◆ **Data records**
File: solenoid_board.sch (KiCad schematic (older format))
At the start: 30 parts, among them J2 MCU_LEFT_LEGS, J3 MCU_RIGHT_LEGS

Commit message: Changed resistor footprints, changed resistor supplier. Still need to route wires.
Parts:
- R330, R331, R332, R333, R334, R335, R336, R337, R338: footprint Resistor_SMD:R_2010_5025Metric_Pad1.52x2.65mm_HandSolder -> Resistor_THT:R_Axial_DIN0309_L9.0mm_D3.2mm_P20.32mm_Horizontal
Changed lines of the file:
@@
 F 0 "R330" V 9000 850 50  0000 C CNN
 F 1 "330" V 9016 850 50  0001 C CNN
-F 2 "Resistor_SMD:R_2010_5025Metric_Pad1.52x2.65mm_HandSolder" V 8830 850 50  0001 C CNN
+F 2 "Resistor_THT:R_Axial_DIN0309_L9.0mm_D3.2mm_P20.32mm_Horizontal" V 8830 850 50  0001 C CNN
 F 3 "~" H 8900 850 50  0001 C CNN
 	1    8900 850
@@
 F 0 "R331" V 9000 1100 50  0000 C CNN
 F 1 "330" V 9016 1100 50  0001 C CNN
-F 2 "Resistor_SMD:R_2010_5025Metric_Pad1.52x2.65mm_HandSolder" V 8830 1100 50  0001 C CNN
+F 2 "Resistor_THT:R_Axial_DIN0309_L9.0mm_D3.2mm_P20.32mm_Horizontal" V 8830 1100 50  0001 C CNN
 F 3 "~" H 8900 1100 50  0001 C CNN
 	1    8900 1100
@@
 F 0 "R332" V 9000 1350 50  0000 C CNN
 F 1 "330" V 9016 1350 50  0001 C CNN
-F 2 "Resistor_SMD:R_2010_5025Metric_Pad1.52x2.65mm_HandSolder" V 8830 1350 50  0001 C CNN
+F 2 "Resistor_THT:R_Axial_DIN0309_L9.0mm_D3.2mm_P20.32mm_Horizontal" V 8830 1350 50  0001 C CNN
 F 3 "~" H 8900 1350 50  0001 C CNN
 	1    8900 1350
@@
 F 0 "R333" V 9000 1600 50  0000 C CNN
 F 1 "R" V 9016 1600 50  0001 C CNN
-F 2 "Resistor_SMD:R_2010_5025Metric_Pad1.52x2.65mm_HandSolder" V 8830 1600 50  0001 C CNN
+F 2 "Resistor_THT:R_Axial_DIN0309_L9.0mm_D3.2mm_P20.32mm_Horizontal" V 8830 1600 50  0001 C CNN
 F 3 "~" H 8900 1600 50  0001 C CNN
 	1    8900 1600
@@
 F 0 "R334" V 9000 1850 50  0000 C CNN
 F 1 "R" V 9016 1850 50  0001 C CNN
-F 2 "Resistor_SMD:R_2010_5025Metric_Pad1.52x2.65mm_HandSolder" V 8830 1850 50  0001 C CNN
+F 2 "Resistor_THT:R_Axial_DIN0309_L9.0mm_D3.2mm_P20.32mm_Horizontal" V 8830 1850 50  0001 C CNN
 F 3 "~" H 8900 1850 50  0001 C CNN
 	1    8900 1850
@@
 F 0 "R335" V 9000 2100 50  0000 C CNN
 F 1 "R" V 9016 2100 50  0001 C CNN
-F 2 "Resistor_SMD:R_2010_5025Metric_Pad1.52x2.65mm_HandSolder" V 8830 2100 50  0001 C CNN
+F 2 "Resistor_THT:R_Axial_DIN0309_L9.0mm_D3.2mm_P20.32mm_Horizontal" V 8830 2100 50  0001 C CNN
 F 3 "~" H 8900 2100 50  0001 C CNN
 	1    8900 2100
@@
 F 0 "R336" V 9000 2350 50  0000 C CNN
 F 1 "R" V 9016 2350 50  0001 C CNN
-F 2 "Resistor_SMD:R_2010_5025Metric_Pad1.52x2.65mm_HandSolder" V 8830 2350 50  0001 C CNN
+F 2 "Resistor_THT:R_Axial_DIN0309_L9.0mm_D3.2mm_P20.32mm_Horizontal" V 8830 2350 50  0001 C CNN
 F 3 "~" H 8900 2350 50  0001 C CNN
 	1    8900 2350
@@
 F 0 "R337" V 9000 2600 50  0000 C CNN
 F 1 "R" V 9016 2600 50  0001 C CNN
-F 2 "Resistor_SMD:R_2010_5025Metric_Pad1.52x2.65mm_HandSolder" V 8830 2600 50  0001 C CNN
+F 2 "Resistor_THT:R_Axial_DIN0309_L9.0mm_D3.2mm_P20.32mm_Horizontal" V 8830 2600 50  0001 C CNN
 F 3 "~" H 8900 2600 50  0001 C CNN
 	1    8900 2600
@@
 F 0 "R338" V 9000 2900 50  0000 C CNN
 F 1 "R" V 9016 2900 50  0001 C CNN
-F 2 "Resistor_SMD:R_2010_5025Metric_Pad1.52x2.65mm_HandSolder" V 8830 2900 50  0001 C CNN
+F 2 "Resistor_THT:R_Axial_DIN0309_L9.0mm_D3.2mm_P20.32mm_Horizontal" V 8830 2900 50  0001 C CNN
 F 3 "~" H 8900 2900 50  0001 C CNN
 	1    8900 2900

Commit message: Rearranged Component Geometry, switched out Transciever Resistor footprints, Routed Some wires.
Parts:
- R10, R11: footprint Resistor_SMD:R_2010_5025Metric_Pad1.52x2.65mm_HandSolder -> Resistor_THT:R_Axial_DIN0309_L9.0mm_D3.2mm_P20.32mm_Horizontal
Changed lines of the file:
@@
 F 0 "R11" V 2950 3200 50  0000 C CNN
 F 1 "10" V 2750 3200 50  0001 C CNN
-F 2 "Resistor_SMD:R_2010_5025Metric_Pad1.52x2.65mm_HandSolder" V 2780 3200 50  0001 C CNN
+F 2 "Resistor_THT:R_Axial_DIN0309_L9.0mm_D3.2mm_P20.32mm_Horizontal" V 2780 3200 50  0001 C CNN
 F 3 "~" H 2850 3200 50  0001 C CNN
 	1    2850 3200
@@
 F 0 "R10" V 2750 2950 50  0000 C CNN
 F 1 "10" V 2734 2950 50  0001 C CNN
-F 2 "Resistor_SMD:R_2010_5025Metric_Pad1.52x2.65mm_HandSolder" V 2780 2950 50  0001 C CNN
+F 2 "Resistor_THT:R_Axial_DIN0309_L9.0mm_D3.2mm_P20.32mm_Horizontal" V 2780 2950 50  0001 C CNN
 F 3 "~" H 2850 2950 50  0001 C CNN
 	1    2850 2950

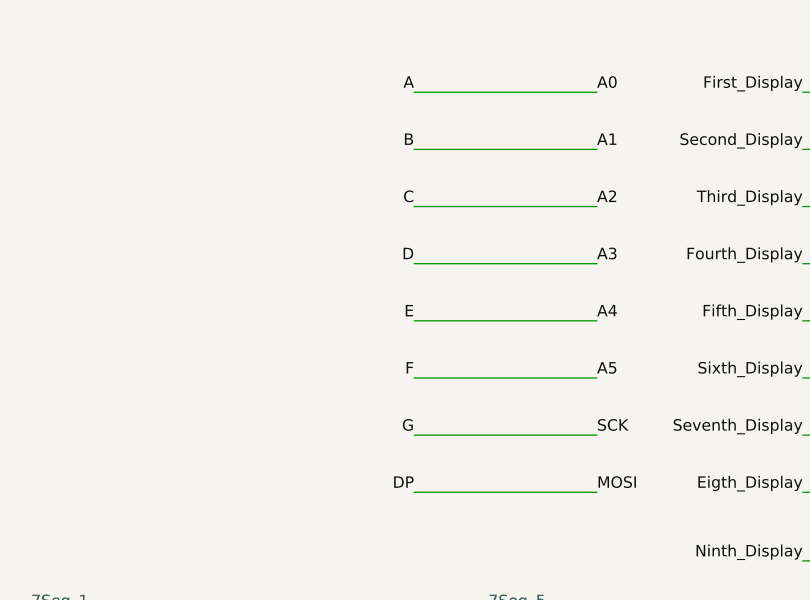
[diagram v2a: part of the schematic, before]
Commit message: Finished Routing and generated new .gbr files. I am unsatisfied with the size of the board, and the geometry may need to be moved around to allow ball count to be displayed underneath the score.
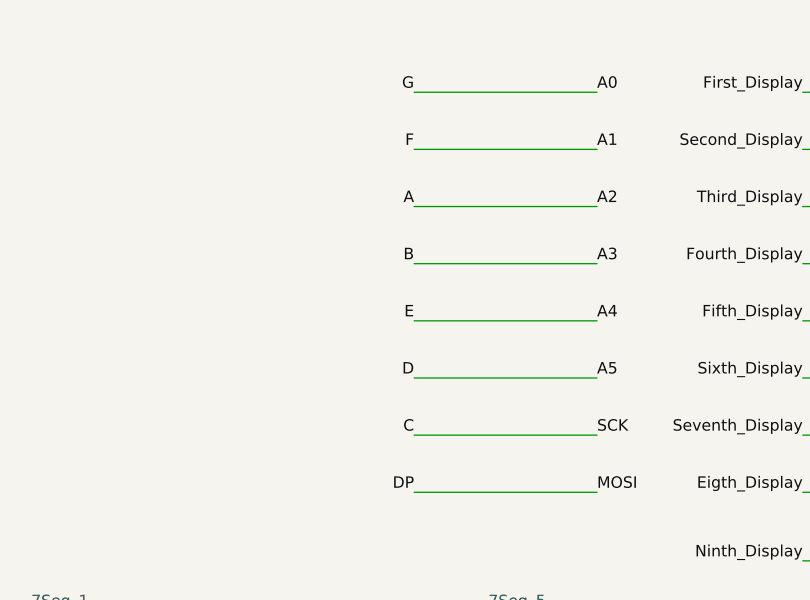
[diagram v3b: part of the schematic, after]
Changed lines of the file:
@@
 Ninth_Display
 Text Label 6800 850  2    50   ~ 0
+G
+Text Label 6800 1100 2    50   ~ 0
+F
+Text Label 6800 1350 2    50   ~ 0
 A
-Text Label 6800 1100 2    50   ~ 0
+Text Label 6800 1600 2    50   ~ 0
 B
-Text Label 6800 1350 2    50   ~ 0
-C
-Text Label 6800 1600 2    50   ~ 0
-D
 Text Label 6800 1850 2    50   ~ 0
 E
 Text Label 6800 2100 2    50   ~ 0
-F
+D
 Text Label 6800 2350 2    50   ~ 0
-G
+C
 Text Label 6800 2600 2    50   ~ 0
 DP

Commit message: Changed BOM, changed Schematic symbols/footprints. Still need to add mosfets and ICs.
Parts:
- removed +5V_IN1: MCU_PWR_Supply, TerminalBlock:TerminalBlock_bornier-2_P5.08mm, symbol Connector:Screw_Terminal_01x02
- removed 7Seg_5, 7Seg_6, 7Seg_7, 7Seg_8, 7Seg_9: Conn_02x05_Top_Bottom, Display_7Segment:7SegmentLED_LTS6760_LTS6780, symbol Connector_Generic:Conn_02x05_Top_Bottom
- removed GND1: Conn_01x01_Male, Connector_PinHeader_2.54mm:PinHeader_1x01_P2.54mm_Vertical, symbol Connector:Conn_01x01_Male
- removed RJ0, RJ1: RJ45, Connector_RJ:RJ45_Amphenol_54602-x08_Horizontal, symbol Connector:RJ45
- added +5VIN, COMMS0, COMMS1: Conn_01x02, Connector_PinHeader_2.54mm:PinHeader_1x02_P2.54mm_Vertical, symbol Connector_Generic:Conn_01x02
- added GND1: Conn_01x01, symbol Connector_Generic:Conn_01x01
- 7Seg_2, 7Seg_3, 7Seg_4: footprint Display_7Segment:7SegmentLED_LTS6760_LTS6780 -> digikey-footprints:DIP-10_W10.16mm
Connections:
- net labels removed: RJ45_4, RJ45_5
- wire segments 44 -> 46
- no-connect marks 16 -> 4

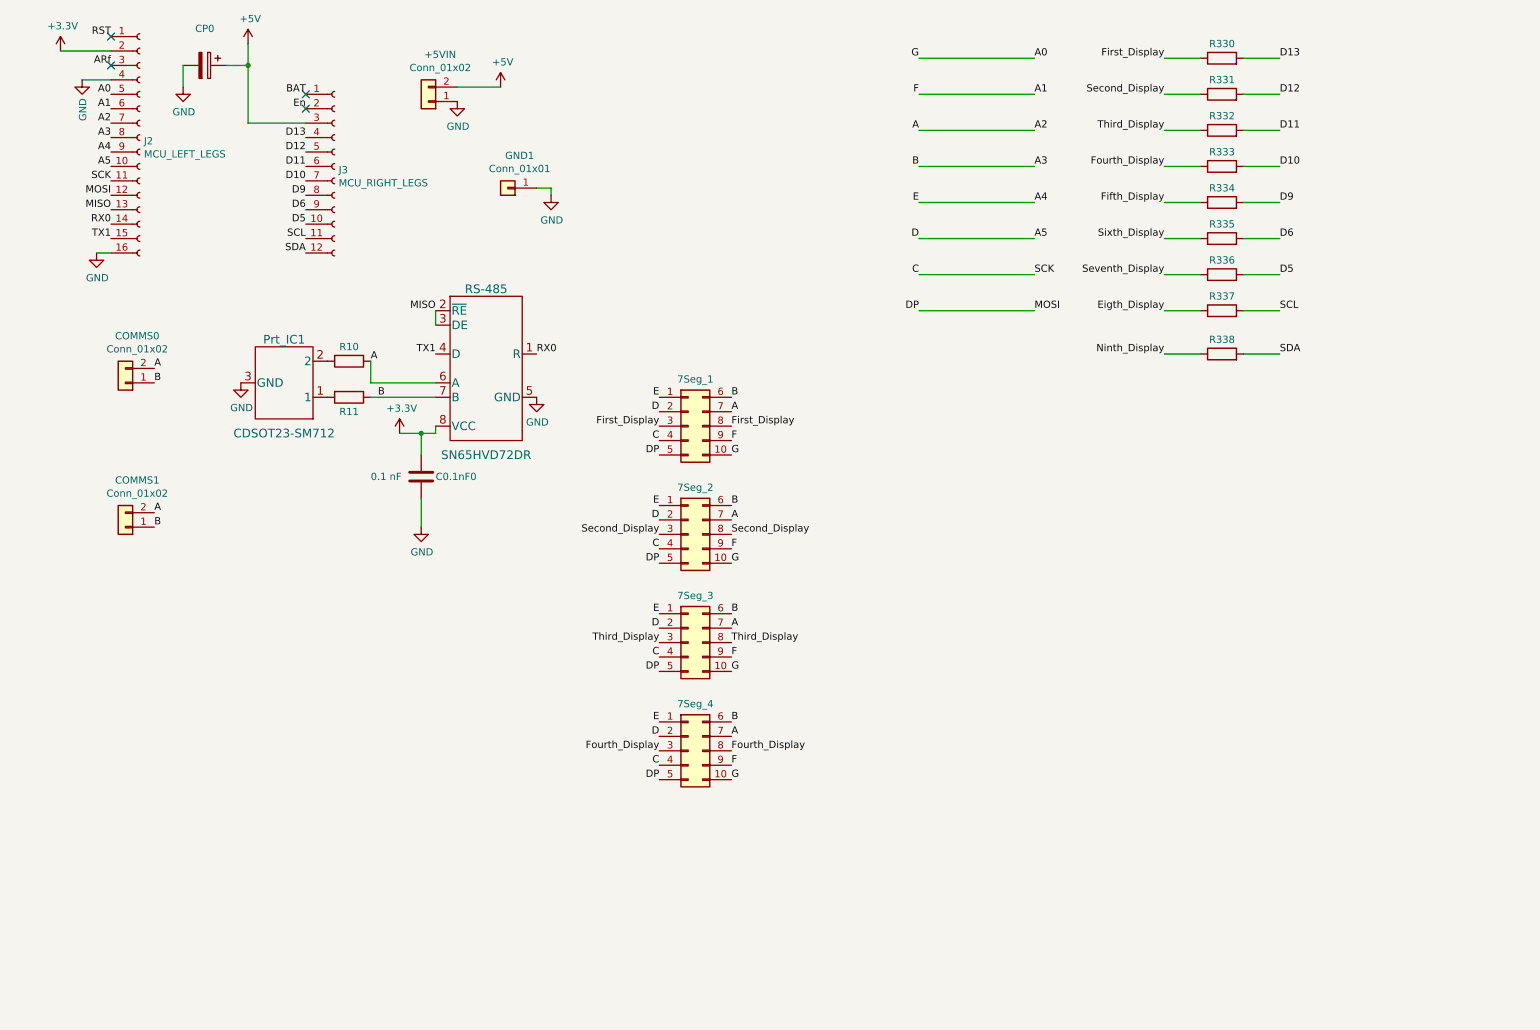
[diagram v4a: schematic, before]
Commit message: Major revisions occurred to the Schematic. Sourced 7-Segment display and MosFETs.
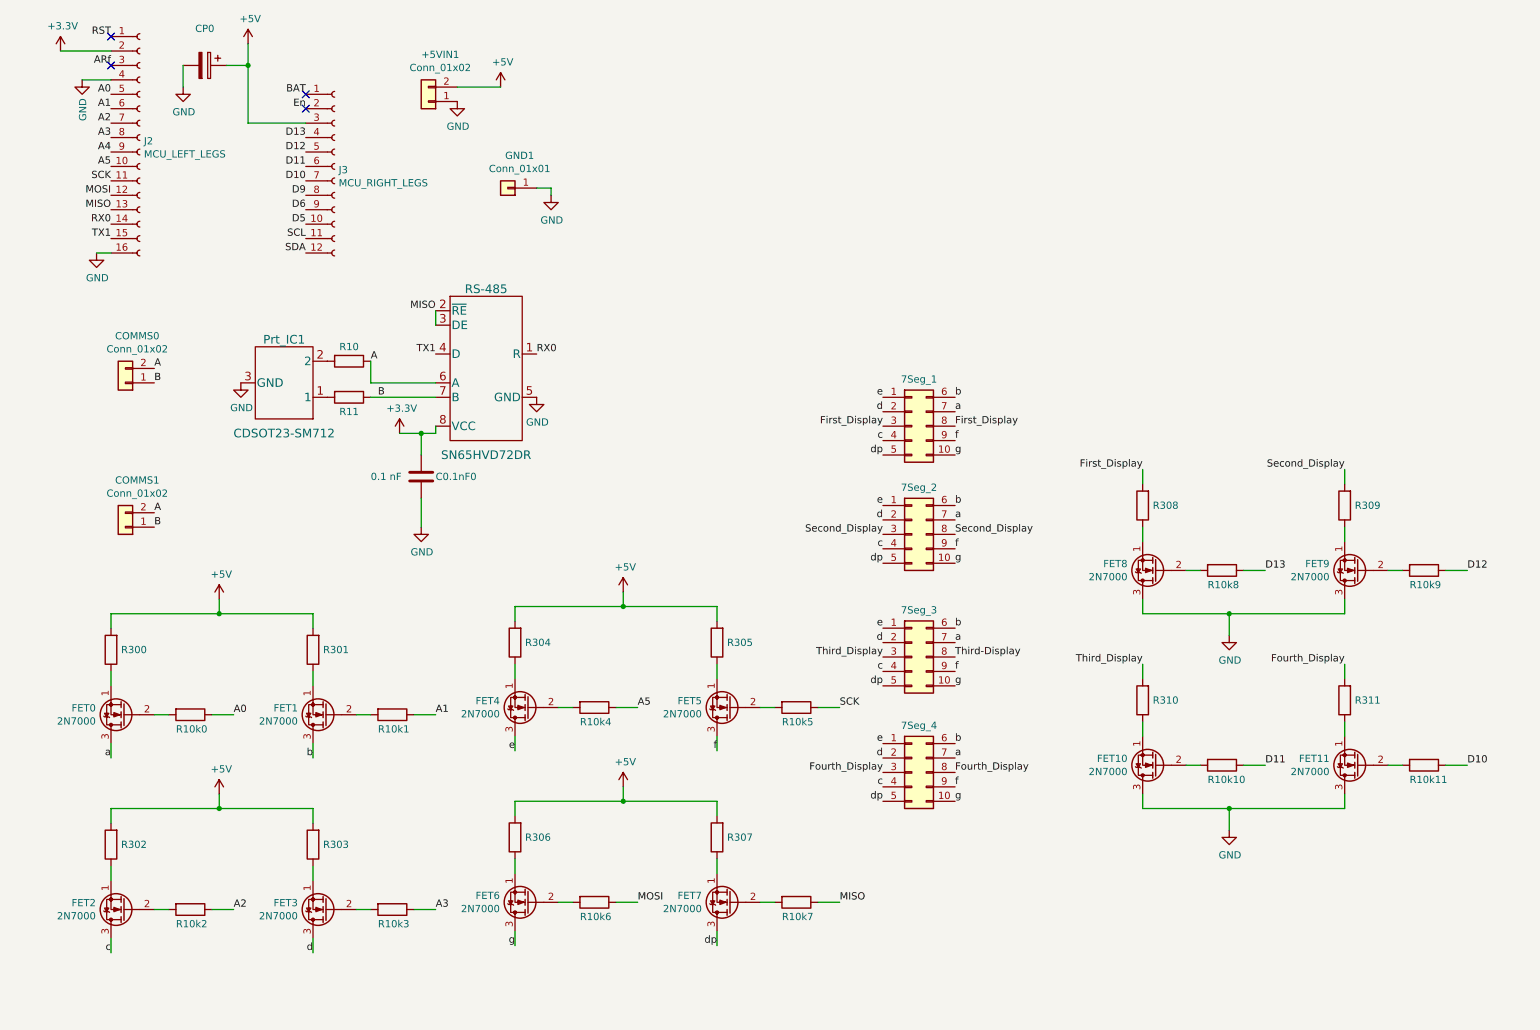
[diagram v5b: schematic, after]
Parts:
- removed R330, R331, R332: 330, Resistor_THT:R_Axial_DIN0309_L9.0mm_D3.2mm_P20.32mm_Horizontal, symbol Device:R
- removed R333, R334, R335, R336, R337, R338: R, Resistor_THT:R_Axial_DIN0309_L9.0mm_D3.2mm_P20.32mm_Horizontal, symbol Device:R
- added FET0, FET1, FET10, FET11, FET2, FET3, FET4, FET5, FET6, FET7, FET8, FET9: 2N7000, Package_TO_SOT_THT:TO-92_Inline, symbol Transistor_FET:2N7000
- added R10k0, R10k1, R10k10, R10k11, R10k2, R10k3, R10k4, R10k5, R10k6, R10k7, R10k8, R10k9: 10k, Resistor_THT:R_Axial_DIN0204_L3.6mm_D1.6mm_P5.08mm_Vertical, symbol Device:R
- added R300, R301, R302, R303, R304, R305, R306, R307, R308, R309, R310, R311: 300, Resistor_THT:R_Axial_DIN0204_L3.6mm_D1.6mm_P5.08mm_Vertical, symbol Device:R
- 7Seg_1: footprint Display_7Segment:7SegmentLED_LTS6760_LTS6780 -> Kingbright_10-DinDisplay:SC10-21SRWA
- 7Seg_2, 7Seg_3, 7Seg_4: footprint digikey-footprints:DIP-10_W10.16mm -> Kingbright_10-DinDisplay:SC10-21SRWA
- GND1: footprint (none) -> Connector_PinHeader_2.54mm:PinHeader_1x01_P2.54mm_Vertical
- renumbered +5VIN to +5VIN1
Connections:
- net +5V: now also R300.2, R301.2, R302.2, R303.2, R304.2, R305.2, R306.2, R307.2
- net A: no longer 7Seg_1.7 (Pin_7), 7Seg_2.7 (Pin_7), 7Seg_3.7 (Pin_7), 7Seg_4.7 (Pin_7), J2.7 (Pin_7)
- net A0: now also R10k0.1; no longer 7Seg_1.10 (Pin_10), 7Seg_2.10 (Pin_10), 7Seg_3.10 (Pin_10), 7Seg_4.10 (Pin_10)
- net A1: now also R10k1.1; no longer 7Seg_1.9 (Pin_9), 7Seg_2.9 (Pin_9), 7Seg_3.9 (Pin_9), 7Seg_4.9 (Pin_9)
- net A3: now also R10k3.1; no longer 7Seg_1.6 (Pin_6), 7Seg_2.6 (Pin_6), 7Seg_3.6 (Pin_6), 7Seg_4.6 (Pin_6), COMMS0.1 (Pin_1), COMMS1.1 (Pin_1), R11.1, RS-485.7 (B)
- net A4: no longer 7Seg_1.1 (Pin_1), 7Seg_2.1 (Pin_1), 7Seg_3.1 (Pin_1), 7Seg_4.1 (Pin_1)
- net A5: now also R10k4.1; no longer 7Seg_1.2 (Pin_2), 7Seg_2.2 (Pin_2), 7Seg_3.2 (Pin_2), 7Seg_4.2 (Pin_2)
- net D10: now also R10k11.1
- net D11: now also R10k10.1
- net D12: now also R10k9.1
- net D13: now also R10k8.1
- net First_Display: now also R308.2
- net Fourth_Display: now also R311.2
- net GND: now also FET10.3 (D), FET11.3 (D), FET8.3 (D), FET9.3 (D)
- net MISO: now also R10k7.1
- net Second_Display: now also R309.2
- net Third_Display: now also R310.2; no longer 7Seg_3.8 (Pin_8)
- net C renamed c
- net c: now also FET2.3 (D); no longer J2.11 (Pin_11)
- net DP renamed dp
- net dp: now also FET7.3 (D); no longer J2.12 (Pin_12)
- new net: FET0.1 (S), R300.1
- new net: FET0.2 (G), R10k0.2
- new net: FET1.1 (S), R301.1
- new net: FET1.2 (G), R10k1.2
- new net: FET2.1 (S), R302.1
- new net: FET2.2 (G), R10k2.2
- new net: FET3.1 (S), R303.1
- new net: FET3.2 (G), R10k3.2
- new net: FET4.1 (S), R304.1
- new net: FET4.2 (G), R10k4.2
- new net: FET5.1 (S), R305.1
- new net: FET5.2 (G), R10k5.2
- new net: FET6.1 (S), R306.1
- new net: FET6.2 (G), R10k6.2
- new net: FET7.1 (S), R307.1
- new net: FET7.2 (G), R10k7.2
- new net: FET8.1 (S), R308.1
- new net: FET8.2 (G), R10k8.2
- new net: FET9.1 (S), R309.1
- new net: FET9.2 (G), R10k9.2
- new net: FET10.1 (S), R310.1
- new net: FET10.2 (G), R10k10.2
- new net: FET11.1 (S), R311.1
- new net: FET11.2 (G), R10k11.2
- new net A2: J2.7 (Pin_7), R10k2.1
- new net B: COMMS0.1 (Pin_1), COMMS1.1 (Pin_1), R11.1, RS-485.7 (B)
- new net MOSI: J2.12 (Pin_12), R10k6.1
- new net SCK: J2.11 (Pin_11), R10k5.1
- new net Third-Display: 7Seg_3.8 (Pin_8)
- new net a: 7Seg_1.7 (Pin_7), 7Seg_2.7 (Pin_7), 7Seg_3.7 (Pin_7), 7Seg_4.7 (Pin_7), FET0.3 (D)
- new net b: 7Seg_1.6 (Pin_6), 7Seg_2.6 (Pin_6), 7Seg_3.6 (Pin_6), 7Seg_4.6 (Pin_6), FET1.3 (D)
- new net d: 7Seg_1.2 (Pin_2), 7Seg_2.2 (Pin_2), 7Seg_3.2 (Pin_2), 7Seg_4.2 (Pin_2), FET3.3 (D)
- new net e: 7Seg_1.1 (Pin_1), 7Seg_2.1 (Pin_1), 7Seg_3.1 (Pin_1), 7Seg_4.1 (Pin_1), FET4.3 (D)
- new net f: 7Seg_1.9 (Pin_9), 7Seg_2.9 (Pin_9), 7Seg_3.9 (Pin_9), 7Seg_4.9 (Pin_9), FET5.3 (D)
- new net g: 7Seg_1.10 (Pin_10), 7Seg_2.10 (Pin_10), 7Seg_3.10 (Pin_10), 7Seg_4.10 (Pin_10), FET6.3 (D)
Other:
- moved on the sheet: 7Seg_1

◆ **Task**
Using the entries above, transcribe every line from the line containing "V 9016 2100" through the line containing "[diagram v2a: part of the schematic, before]". Do not copy pictures.

◆ **Task output**
 F 1 "R" V 9016 2100 50  0001 C CNN
-F 2 "Resistor_SMD:R_2010_5025Metric_Pad1.52x2.65mm_HandSolder" V 8830 2100 50  0001 C CNN
+F 2 "Resistor_THT:R_Axial_DIN0309_L9.0mm_D3.2mm_P20.32mm_Horizontal" V 8830 2100 50  0001 C CNN
 F 3 "~" H 8900 2100 50  0001 C CNN
 	1    8900 2100
@@
 F 0 "R336" V 9000 2350 50  0000 C CNN
 F 1 "R" V 9016 2350 50  0001 C CNN
-F 2 "Resistor_SMD:R_2010_5025Metric_Pad1.52x2.65mm_HandSolder" V 8830 2350 50  0001 C CNN
+F 2 "Resistor_THT:R_Axial_DIN0309_L9.0mm_D3.2mm_P20.32mm_Horizontal" V 8830 2350 50  0001 C CNN
 F 3 "~" H 8900 2350 50  0001 C CNN
 	1    8900 2350
@@
 F 0 "R337" V 9000 2600 50  0000 C CNN
 F 1 "R" V 9016 2600 50  0001 C CNN
-F 2 "Resistor_SMD:R_2010_5025Metric_Pad1.52x2.65mm_HandSolder" V 8830 2600 50  0001 C CNN
+F 2 "Resistor_THT:R_Axial_DIN0309_L9.0mm_D3.2mm_P20.32mm_Horizontal" V 8830 2600 50  0001 C CNN
 F 3 "~" H 8900 2600 50  0001 C CNN
 	1    8900 2600
@@
 F 0 "R338" V 9000 2900 50  0000 C CNN
 F 1 "R" V 9016 2900 50  0001 C CNN
-F 2 "Resistor_SMD:R_2010_5025Metric_Pad1.52x2.65mm_HandSolder" V 8830 2900 50  0001 C CNN
+F 2 "Resistor_THT:R_Axial_DIN0309_L9.0mm_D3.2mm_P20.32mm_Horizontal" V 8830 2900 50  0001 C CNN
 F 3 "~" H 8900 2900 50  0001 C CNN
 	1    8900 2900

Commit message: Rearranged Component Geometry, switched out Transciever Resistor footprints, Routed Some wires.
Parts:
- R10, R11: footprint Resistor_SMD:R_2010_5025Metric_Pad1.52x2.65mm_HandSolder -> Resistor_THT:R_Axial_DIN0309_L9.0mm_D3.2mm_P20.32mm_Horizontal
Changed lines of the file:
@@
 F 0 "R11" V 2950 3200 50  0000 C CNN
 F 1 "10" V 2750 3200 50  0001 C CNN
-F 2 "Resistor_SMD:R_2010_5025Metric_Pad1.52x2.65mm_HandSolder" V 2780 3200 50  0001 C CNN
+F 2 "Resistor_THT:R_Axial_DIN0309_L9.0mm_D3.2mm_P20.32mm_Horizontal" V 2780 3200 50  0001 C CNN
 F 3 "~" H 2850 3200 50  0001 C CNN
 	1    2850 3200
@@
 F 0 "R10" V 2750 2950 50  0000 C CNN
 F 1 "10" V 2734 2950 50  0001 C CNN
-F 2 "Resistor_SMD:R_2010_5025Metric_Pad1.52x2.65mm_HandSolder" V 2780 2950 50  0001 C CNN
+F 2 "Resistor_THT:R_Axial_DIN0309_L9.0mm_D3.2mm_P20.32mm_Horizontal" V 2780 2950 50  0001 C CNN
 F 3 "~" H 2850 2950 50  0001 C CNN
 	1    2850 2950

[diagram v2a: part of the schematic, before]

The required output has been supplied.